No pictures should be carried over. Output all other parts of the entries verbatim.
(ENTRIES PROVIDED Opens)
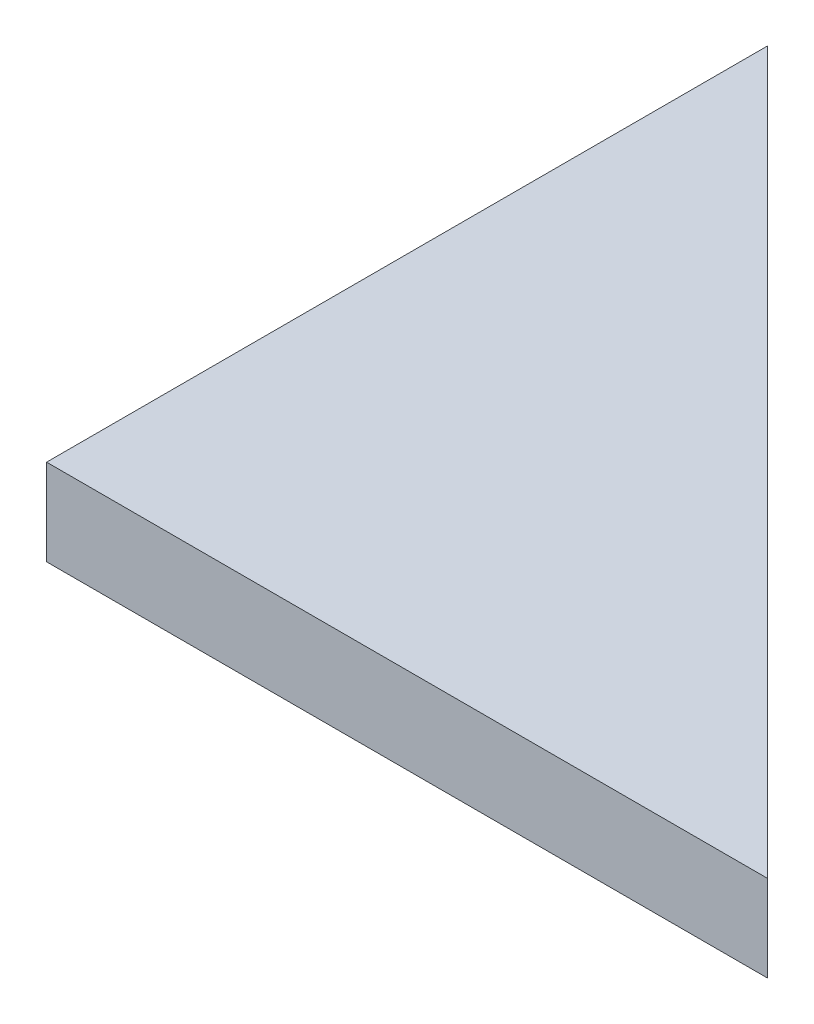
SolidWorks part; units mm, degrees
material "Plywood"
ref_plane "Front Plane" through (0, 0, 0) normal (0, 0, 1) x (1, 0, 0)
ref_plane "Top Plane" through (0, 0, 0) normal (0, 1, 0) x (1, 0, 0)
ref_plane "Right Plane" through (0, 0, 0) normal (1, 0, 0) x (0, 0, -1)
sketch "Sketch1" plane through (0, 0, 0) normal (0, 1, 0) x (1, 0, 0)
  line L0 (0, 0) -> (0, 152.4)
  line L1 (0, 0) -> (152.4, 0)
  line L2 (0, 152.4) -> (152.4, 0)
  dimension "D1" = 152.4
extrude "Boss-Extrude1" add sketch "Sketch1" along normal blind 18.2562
(ENTRIES PROVIDED Closes)
ANSWER AREA →
SolidWorks part; units mm, degrees
material "Plywood"
ref_plane "Front Plane" through (0, 0, 0) normal (0, 0, 1) x (1, 0, 0)
ref_plane "Top Plane" through (0, 0, 0) normal (0, 1, 0) x (1, 0, 0)
ref_plane "Right Plane" through (0, 0, 0) normal (1, 0, 0) x (0, 0, -1)
sketch "Sketch1" plane through (0, 0, 0) normal (0, 1, 0) x (1, 0, 0)
  line L0 (0, 0) -> (0, 152.4)
  line L1 (0, 0) -> (152.4, 0)
  line L2 (0, 152.4) -> (152.4, 0)
  dimension "D1" = 152.4
extrude "Boss-Extrude1" add sketch "Sketch1" along normal blind 18.2562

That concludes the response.